> **What is expected**:
Return exactly the span of lines in the following data that opens with the line containing "#141=ORIENTED_EDGE('',*,*,#140,.T.);" and closes with the line containing "#148=DIRECTION('',(0.,0.,1.));". Include nothing else.

(Excerpts from a dataset)
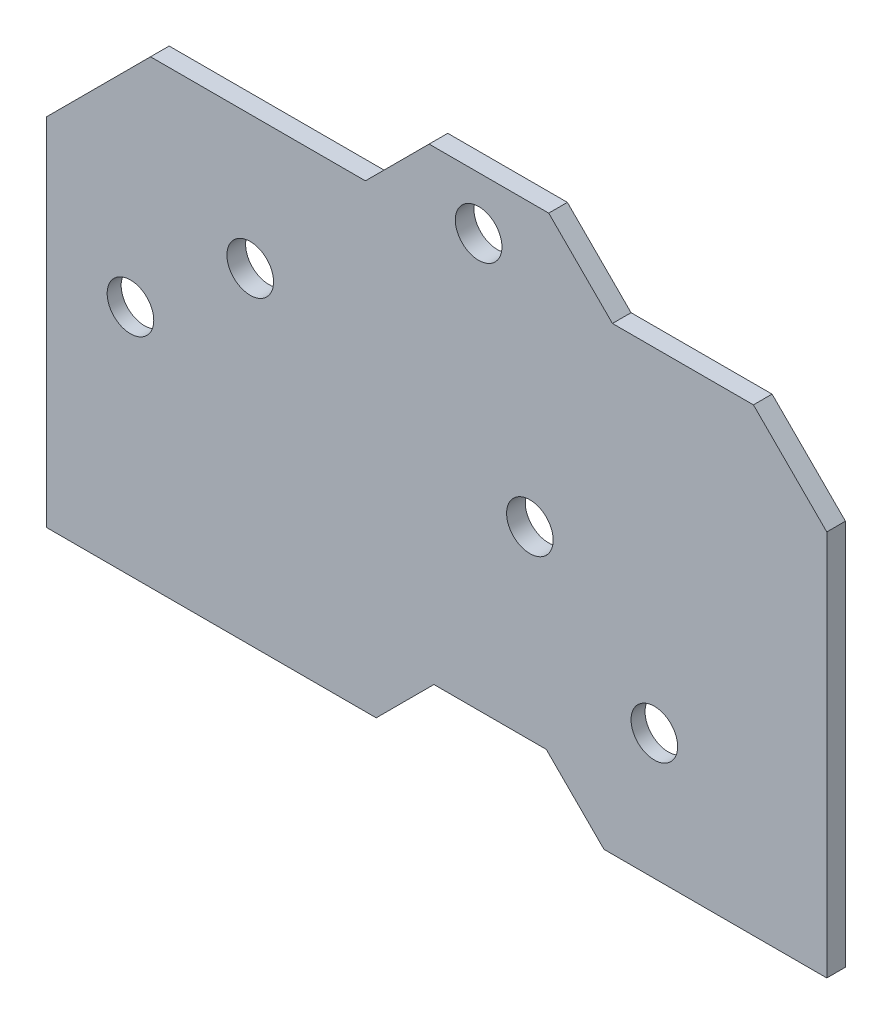
ISO-10303-21;
HEADER;
FILE_DESCRIPTION(('STEP AP214'),'2;1');
FILE_NAME('part.step','',(''),(''),'','','');
FILE_SCHEMA(('AUTOMOTIVE_DESIGN { 1 0 10303 214 1 1 1 1 }'));
ENDSEC;
DATA;
#1=APPLICATION_CONTEXT('core data for automotive mechanical design processes');
#2=APPLICATION_PROTOCOL_DEFINITION('international standard','automotive_design',2000,#1);
#3=PRODUCT_CONTEXT('',#1,'mechanical');
#4=PRODUCT('Part','Part','',(#3));
#5=PRODUCT_RELATED_PRODUCT_CATEGORY('part','',(#4));
#6=PRODUCT_DEFINITION_FORMATION('','',#4);
#7=PRODUCT_DEFINITION_CONTEXT('part definition',#1,'design');
#8=PRODUCT_DEFINITION('design','',#6,#7);
#9=PRODUCT_DEFINITION_SHAPE('','',#8);
#10=(LENGTH_UNIT() NAMED_UNIT(*) SI_UNIT(.MILLI.,.METRE.));
#11=(NAMED_UNIT(*) PLANE_ANGLE_UNIT() SI_UNIT($,.RADIAN.));
#12=(NAMED_UNIT(*) SI_UNIT($,.STERADIAN.) SOLID_ANGLE_UNIT());
#13=UNCERTAINTY_MEASURE_WITH_UNIT(LENGTH_MEASURE(1.E-05),#10,'distance_accuracy_value','');
#14=(GEOMETRIC_REPRESENTATION_CONTEXT(3) GLOBAL_UNCERTAINTY_ASSIGNED_CONTEXT((#13)) GLOBAL_UNIT_ASSIGNED_CONTEXT((#10,
#11,#12)) REPRESENTATION_CONTEXT('',''));
#15=CARTESIAN_POINT('',(0.,0.,0.));
#16=DIRECTION('',(0.,0.,1.));
#17=DIRECTION('',(1.,0.,0.));
#18=AXIS2_PLACEMENT_3D('',#15,#16,#17);
#19=CARTESIAN_POINT('',(22.1496803835065,-14.6968673144949,2.));
#20=DIRECTION('',(0.,0.,-1.));
#21=DIRECTION('',(-1.,0.,0.));
#22=AXIS2_PLACEMENT_3D('',#19,#20,#21);
#23=CYLINDRICAL_SURFACE('',#22,5.2);
#24=CARTESIAN_POINT('',(22.1496803835065,-14.6968673144949,0.));
#25=DIRECTION('',(0.,0.,1.));
#26=DIRECTION('',(1.,0.,0.));
#27=AXIS2_PLACEMENT_3D('',#24,#25,#26);
#28=CIRCLE('',#27,5.2);
#29=CARTESIAN_POINT('',(27.3496803835065,-14.6968673144949,0.));
#30=VERTEX_POINT('',#29);
#31=EDGE_CURVE('E164',#30,#30,#28,.T.);
#32=ORIENTED_EDGE('',*,*,#31,.F.);
#33=EDGE_LOOP('',(#32));
#34=FACE_BOUND('',#33,.T.);
#35=CARTESIAN_POINT('',(22.1496803835065,-14.6968673144949,0.5));
#36=DIRECTION('',(0.,0.,1.));
#37=DIRECTION('',(1.,0.,0.));
#38=AXIS2_PLACEMENT_3D('',#35,#36,#37);
#39=CIRCLE('',#38,5.2);
#40=CARTESIAN_POINT('',(27.3496803835065,-14.6968673144949,0.5));
#41=VERTEX_POINT('',#40);
#42=EDGE_CURVE('E320',#41,#41,#39,.T.);
#43=ORIENTED_EDGE('',*,*,#42,.T.);
#44=EDGE_LOOP('',(#43));
#45=FACE_BOUND('',#44,.T.);
#46=ADVANCED_FACE('F35',(#34,#45),#23,.F.);
#47=CARTESIAN_POINT('',(-34.0491875572135,-3.1968673144949,2.));
#48=DIRECTION('',(0.,0.,-1.));
#49=DIRECTION('',(-1.,0.,0.));
#50=AXIS2_PLACEMENT_3D('',#47,#48,#49);
#51=CYLINDRICAL_SURFACE('',#50,5.2);
#52=CARTESIAN_POINT('',(-34.0491875572135,-3.1968673144949,0.));
#53=DIRECTION('',(0.,0.,1.));
#54=DIRECTION('',(1.,0.,0.));
#55=AXIS2_PLACEMENT_3D('',#52,#53,#54);
#56=CIRCLE('',#55,5.2);
#57=CARTESIAN_POINT('',(-28.8491875572135,-3.1968673144949,0.));
#58=VERTEX_POINT('',#57);
#59=EDGE_CURVE('E167',#58,#58,#56,.T.);
#60=ORIENTED_EDGE('',*,*,#59,.F.);
#61=EDGE_LOOP('',(#60));
#62=FACE_BOUND('',#61,.T.);
#63=CARTESIAN_POINT('',(-34.0491875572135,-3.1968673144949,0.5));
#64=DIRECTION('',(0.,0.,1.));
#65=DIRECTION('',(1.,0.,0.));
#66=AXIS2_PLACEMENT_3D('',#63,#64,#65);
#67=CIRCLE('',#66,5.2);
#68=CARTESIAN_POINT('',(-28.8491875572135,-3.1968673144949,0.5));
#69=VERTEX_POINT('',#68);
#70=EDGE_CURVE('E168',#69,#69,#67,.T.);
#71=ORIENTED_EDGE('',*,*,#70,.T.);
#72=EDGE_LOOP('',(#71));
#73=FACE_BOUND('',#72,.T.);
#74=ADVANCED_FACE('F309',(#62,#73),#51,.F.);
#75=CARTESIAN_POINT('',(0.,21.1150266732983,2.));
#76=DIRECTION('',(0.,1.,0.));
#77=DIRECTION('',(0.,0.,1.));
#78=AXIS2_PLACEMENT_3D('',#75,#76,#77);
#79=PLANE('',#78);
#80=DIRECTION('',(1.,0.,0.));
#81=VECTOR('',#80,1.);
#82=CARTESIAN_POINT('',(0.,21.1150266732983,0.));
#83=LINE('',#82,#81);
#84=CARTESIAN_POINT('',(17.6551710420143,21.1150266732983,0.));
#85=VERTEX_POINT('',#84);
#86=CARTESIAN_POINT('',(32.7796989349296,21.1150266732983,0.));
#87=VERTEX_POINT('',#86);
#88=EDGE_CURVE('E180',#85,#87,#83,.T.);
#89=ORIENTED_EDGE('',*,*,#88,.F.);
#90=DIRECTION('',(0.,0.,-1.));
#91=VECTOR('',#90,1.);
#92=CARTESIAN_POINT('',(17.6551710420143,21.1150266732983,2.));
#93=LINE('',#92,#91);
#94=CARTESIAN_POINT('',(17.6551710420143,21.1150266732983,2.));
#95=VERTEX_POINT('',#94);
#96=EDGE_CURVE('E11',#95,#85,#93,.T.);
#97=ORIENTED_EDGE('',*,*,#96,.F.);
#98=DIRECTION('',(1.,0.,0.));
#99=VECTOR('',#98,1.);
#100=CARTESIAN_POINT('',(0.,21.1150266732983,2.));
#101=LINE('',#100,#99);
#102=CARTESIAN_POINT('',(32.7796989349296,21.1150266732983,2.));
#103=VERTEX_POINT('',#102);
#104=EDGE_CURVE('E269',#95,#103,#101,.T.);
#105=ORIENTED_EDGE('',*,*,#104,.T.);
#106=DIRECTION('',(0.,0.,-1.));
#107=VECTOR('',#106,1.);
#108=CARTESIAN_POINT('',(32.7796989349296,21.1150266732983,2.));
#109=LINE('',#108,#107);
#110=EDGE_CURVE('E51',#103,#87,#109,.T.);
#111=ORIENTED_EDGE('',*,*,#110,.T.);
#112=EDGE_LOOP('',(#89,#97,#105,#111));
#113=FACE_BOUND('',#112,.T.);
#114=ADVANCED_FACE('F314',(#113),#79,.T.);
#115=CARTESIAN_POINT('',(19.3850988576555,19.3850988576571,2.));
#116=DIRECTION('',(0.707106781186518,0.707106781186577,0.));
#117=DIRECTION('',(-0.707106781186577,0.707106781186518,0.));
#118=AXIS2_PLACEMENT_3D('',#115,#116,#117);
#119=PLANE('',#118);
#120=DIRECTION('',(0.707106781186577,-0.707106781186518,0.));
#121=VECTOR('',#120,1.);
#122=CARTESIAN_POINT('',(19.3850988576555,19.3850988576571,0.));
#123=LINE('',#122,#121);
#124=CARTESIAN_POINT('',(10.8212064054095,27.9489913099025,0.));
#125=VERTEX_POINT('',#124);
#126=EDGE_CURVE('E182',#125,#85,#123,.T.);
#127=ORIENTED_EDGE('',*,*,#126,.F.);
#128=DIRECTION('',(0.,0.,-1.));
#129=VECTOR('',#128,1.);
#130=CARTESIAN_POINT('',(10.8212064054095,27.9489913099025,2.));
#131=LINE('',#130,#129);
#132=CARTESIAN_POINT('',(10.8212064054095,27.9489913099025,2.));
#133=VERTEX_POINT('',#132);
#134=EDGE_CURVE('E43',#133,#125,#131,.T.);
#135=ORIENTED_EDGE('',*,*,#134,.F.);
#136=DIRECTION('',(0.707106781186577,-0.707106781186518,0.));
#137=VECTOR('',#136,1.);
#138=CARTESIAN_POINT('',(19.3850988576555,19.3850988576571,2.));
#139=LINE('',#138,#137);
#140=EDGE_CURVE('E267',#133,#95,#139,.T.);
#141=ORIENTED_EDGE('',*,*,#140,.T.);
#142=ORIENTED_EDGE('',*,*,#96,.T.);
#143=EDGE_LOOP('',(#127,#135,#141,#142));
#144=FACE_BOUND('',#143,.T.);
#145=ADVANCED_FACE('F254',(#144),#119,.T.);
#146=CARTESIAN_POINT('',(0.,27.9489913099025,2.));
#147=DIRECTION('',(0.,1.,0.));
#148=DIRECTION('',(0.,0.,1.));
#149=AXIS2_PLACEMENT_3D('',#146,#147,#148);
#150=PLANE('',#149);
#151=DIRECTION('',(1.,0.,0.));
#152=VECTOR('',#151,1.);
#153=CARTESIAN_POINT('',(0.,27.9489913099025,0.));
#154=LINE('',#153,#152);
#155=CARTESIAN_POINT('',(-2.01160423871102,27.9489913099025,0.));
#156=VERTEX_POINT('',#155);
#157=EDGE_CURVE('E185',#156,#125,#154,.T.);
#158=ORIENTED_EDGE('',*,*,#157,.F.);
#159=DIRECTION('',(0.,0.,-1.));
#160=VECTOR('',#159,1.);
#161=CARTESIAN_POINT('',(-2.01160423871102,27.9489913099025,2.));
#162=LINE('',#161,#160);
#163=CARTESIAN_POINT('',(-2.01160423871102,27.9489913099025,2.));
#164=VERTEX_POINT('',#163);
#165=EDGE_CURVE('E243',#164,#156,#162,.T.);
#166=ORIENTED_EDGE('',*,*,#165,.F.);
#167=DIRECTION('',(1.,0.,0.));
#168=VECTOR('',#167,1.);
#169=CARTESIAN_POINT('',(0.,27.9489913099025,2.));
#170=LINE('',#169,#168);
#171=EDGE_CURVE('E250',#164,#133,#170,.T.);
#172=ORIENTED_EDGE('',*,*,#171,.T.);
#173=ORIENTED_EDGE('',*,*,#134,.T.);
#174=EDGE_LOOP('',(#158,#166,#172,#173));
#175=FACE_BOUND('',#174,.T.);
#176=ADVANCED_FACE('F248',(#175),#150,.T.);
#177=CARTESIAN_POINT('',(-14.9802977743068,14.9802977743066,2.));
#178=DIRECTION('',(0.707106781186553,-0.707106781186543,0.));
#179=DIRECTION('',(0.707106781186543,0.707106781186553,0.));
#180=AXIS2_PLACEMENT_3D('',#177,#178,#179);
#181=PLANE('',#180);
#182=DIRECTION('',(-0.707106781186543,-0.707106781186553,0.));
#183=VECTOR('',#182,1.);
#184=CARTESIAN_POINT('',(-14.9802977743068,14.9802977743066,0.));
#185=LINE('',#184,#183);
#186=CARTESIAN_POINT('',(-8.8455688753147,21.1150266732987,0.));
#187=VERTEX_POINT('',#186);
#188=EDGE_CURVE('E188',#156,#187,#185,.T.);
#189=ORIENTED_EDGE('',*,*,#188,.T.);
#190=DIRECTION('',(0.,0.,-1.));
#191=VECTOR('',#190,1.);
#192=CARTESIAN_POINT('',(-8.8455688753147,21.1150266732987,2.));
#193=LINE('',#192,#191);
#194=CARTESIAN_POINT('',(-8.8455688753147,21.1150266732987,2.));
#195=VERTEX_POINT('',#194);
#196=EDGE_CURVE('E240',#195,#187,#193,.T.);
#197=ORIENTED_EDGE('',*,*,#196,.F.);
#198=DIRECTION('',(-0.707106781186543,-0.707106781186553,0.));
#199=VECTOR('',#198,1.);
#200=CARTESIAN_POINT('',(-14.9802977743068,14.9802977743066,2.));
#201=LINE('',#200,#199);
#202=EDGE_CURVE('E263',#164,#195,#201,.T.);
#203=ORIENTED_EDGE('',*,*,#202,.F.);
#204=ORIENTED_EDGE('',*,*,#165,.T.);
#205=EDGE_LOOP('',(#189,#197,#203,#204));
#206=FACE_BOUND('',#205,.T.);
#207=ADVANCED_FACE('F260',(#206),#181,.F.);
#208=CARTESIAN_POINT('',(0.,21.1150266732987,2.));
#209=DIRECTION('',(0.,-1.,0.));
#210=DIRECTION('',(1.,0.,0.));
#211=AXIS2_PLACEMENT_3D('',#208,#209,#210);
#212=PLANE('',#211);
#213=DIRECTION('',(-1.,0.,0.));
#214=VECTOR('',#213,1.);
#215=CARTESIAN_POINT('',(0.,21.1150266732987,0.));
#216=LINE('',#215,#214);
#217=CARTESIAN_POINT('',(-31.8983336413856,21.1150266732987,0.));
#218=VERTEX_POINT('',#217);
#219=EDGE_CURVE('E191',#187,#218,#216,.T.);
#220=ORIENTED_EDGE('',*,*,#219,.T.);
#221=DIRECTION('',(0.,0.,-1.));
#222=VECTOR('',#221,1.);
#223=CARTESIAN_POINT('',(-31.8983336413856,21.1150266732987,2.));
#224=LINE('',#223,#222);
#225=CARTESIAN_POINT('',(-31.8983336413856,21.1150266732987,2.));
#226=VERTEX_POINT('',#225);
#227=EDGE_CURVE('E237',#226,#218,#224,.T.);
#228=ORIENTED_EDGE('',*,*,#227,.F.);
#229=DIRECTION('',(-1.,0.,0.));
#230=VECTOR('',#229,1.);
#231=CARTESIAN_POINT('',(0.,21.1150266732987,2.));
#232=LINE('',#231,#230);
#233=EDGE_CURVE('E265',#195,#226,#232,.T.);
#234=ORIENTED_EDGE('',*,*,#233,.F.);
#235=ORIENTED_EDGE('',*,*,#196,.T.);
#236=EDGE_LOOP('',(#220,#228,#234,#235));
#237=FACE_BOUND('',#236,.T.);
#238=ADVANCED_FACE('F520',(#237),#212,.F.);
#239=CARTESIAN_POINT('',(-26.5066801573422,26.5066801573421,2.));
#240=DIRECTION('',(0.707106781186549,-0.707106781186546,0.));
#241=DIRECTION('',(0.707106781186546,0.707106781186549,0.));
#242=AXIS2_PLACEMENT_3D('',#239,#240,#241);
#243=PLANE('',#242);
#244=DIRECTION('',(-0.707106781186546,-0.707106781186549,0.));
#245=VECTOR('',#244,1.);
#246=CARTESIAN_POINT('',(-26.5066801573422,26.5066801573421,0.));
#247=LINE('',#246,#245);
#248=CARTESIAN_POINT('',(-43.0491875572135,9.96417275747066,0.));
#249=VERTEX_POINT('',#248);
#250=EDGE_CURVE('E194',#218,#249,#247,.T.);
#251=ORIENTED_EDGE('',*,*,#250,.T.);
#252=DIRECTION('',(0.,0.,-1.));
#253=VECTOR('',#252,1.);
#254=CARTESIAN_POINT('',(-43.0491875572135,9.96417275747066,2.));
#255=LINE('',#254,#253);
#256=CARTESIAN_POINT('',(-43.0491875572135,9.96417275747066,2.));
#257=VERTEX_POINT('',#256);
#258=EDGE_CURVE('E234',#257,#249,#255,.T.);
#259=ORIENTED_EDGE('',*,*,#258,.F.);
#260=DIRECTION('',(-0.707106781186546,-0.707106781186549,0.));
#261=VECTOR('',#260,1.);
#262=CARTESIAN_POINT('',(-26.5066801573422,26.5066801573421,2.));
#263=LINE('',#262,#261);
#264=EDGE_CURVE('E274',#226,#257,#263,.T.);
#265=ORIENTED_EDGE('',*,*,#264,.F.);
#266=ORIENTED_EDGE('',*,*,#227,.T.);
#267=EDGE_LOOP('',(#251,#259,#265,#266));
#268=FACE_BOUND('',#267,.T.);
#269=ADVANCED_FACE('F510',(#268),#243,.F.);
#270=CARTESIAN_POINT('',(-43.0491875572135,0.,2.));
#271=DIRECTION('',(1.,0.,0.));
#272=DIRECTION('',(0.,1.,0.));
#273=AXIS2_PLACEMENT_3D('',#270,#271,#272);
#274=PLANE('',#273);
#275=DIRECTION('',(0.,-1.,0.));
#276=VECTOR('',#275,1.);
#277=CARTESIAN_POINT('',(-43.0491875572135,0.,0.));
#278=LINE('',#277,#276);
#279=CARTESIAN_POINT('',(-43.0491875572135,-28.1968673144949,0.));
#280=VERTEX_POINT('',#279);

> **Answer below**:
#141=ORIENTED_EDGE('',*,*,#140,.T.);
#142=ORIENTED_EDGE('',*,*,#96,.T.);
#143=EDGE_LOOP('',(#127,#135,#141,#142));
#144=FACE_BOUND('',#143,.T.);
#145=ADVANCED_FACE('F254',(#144),#119,.T.);
#146=CARTESIAN_POINT('',(0.,27.9489913099025,2.));
#147=DIRECTION('',(0.,1.,0.));
#148=DIRECTION('',(0.,0.,1.));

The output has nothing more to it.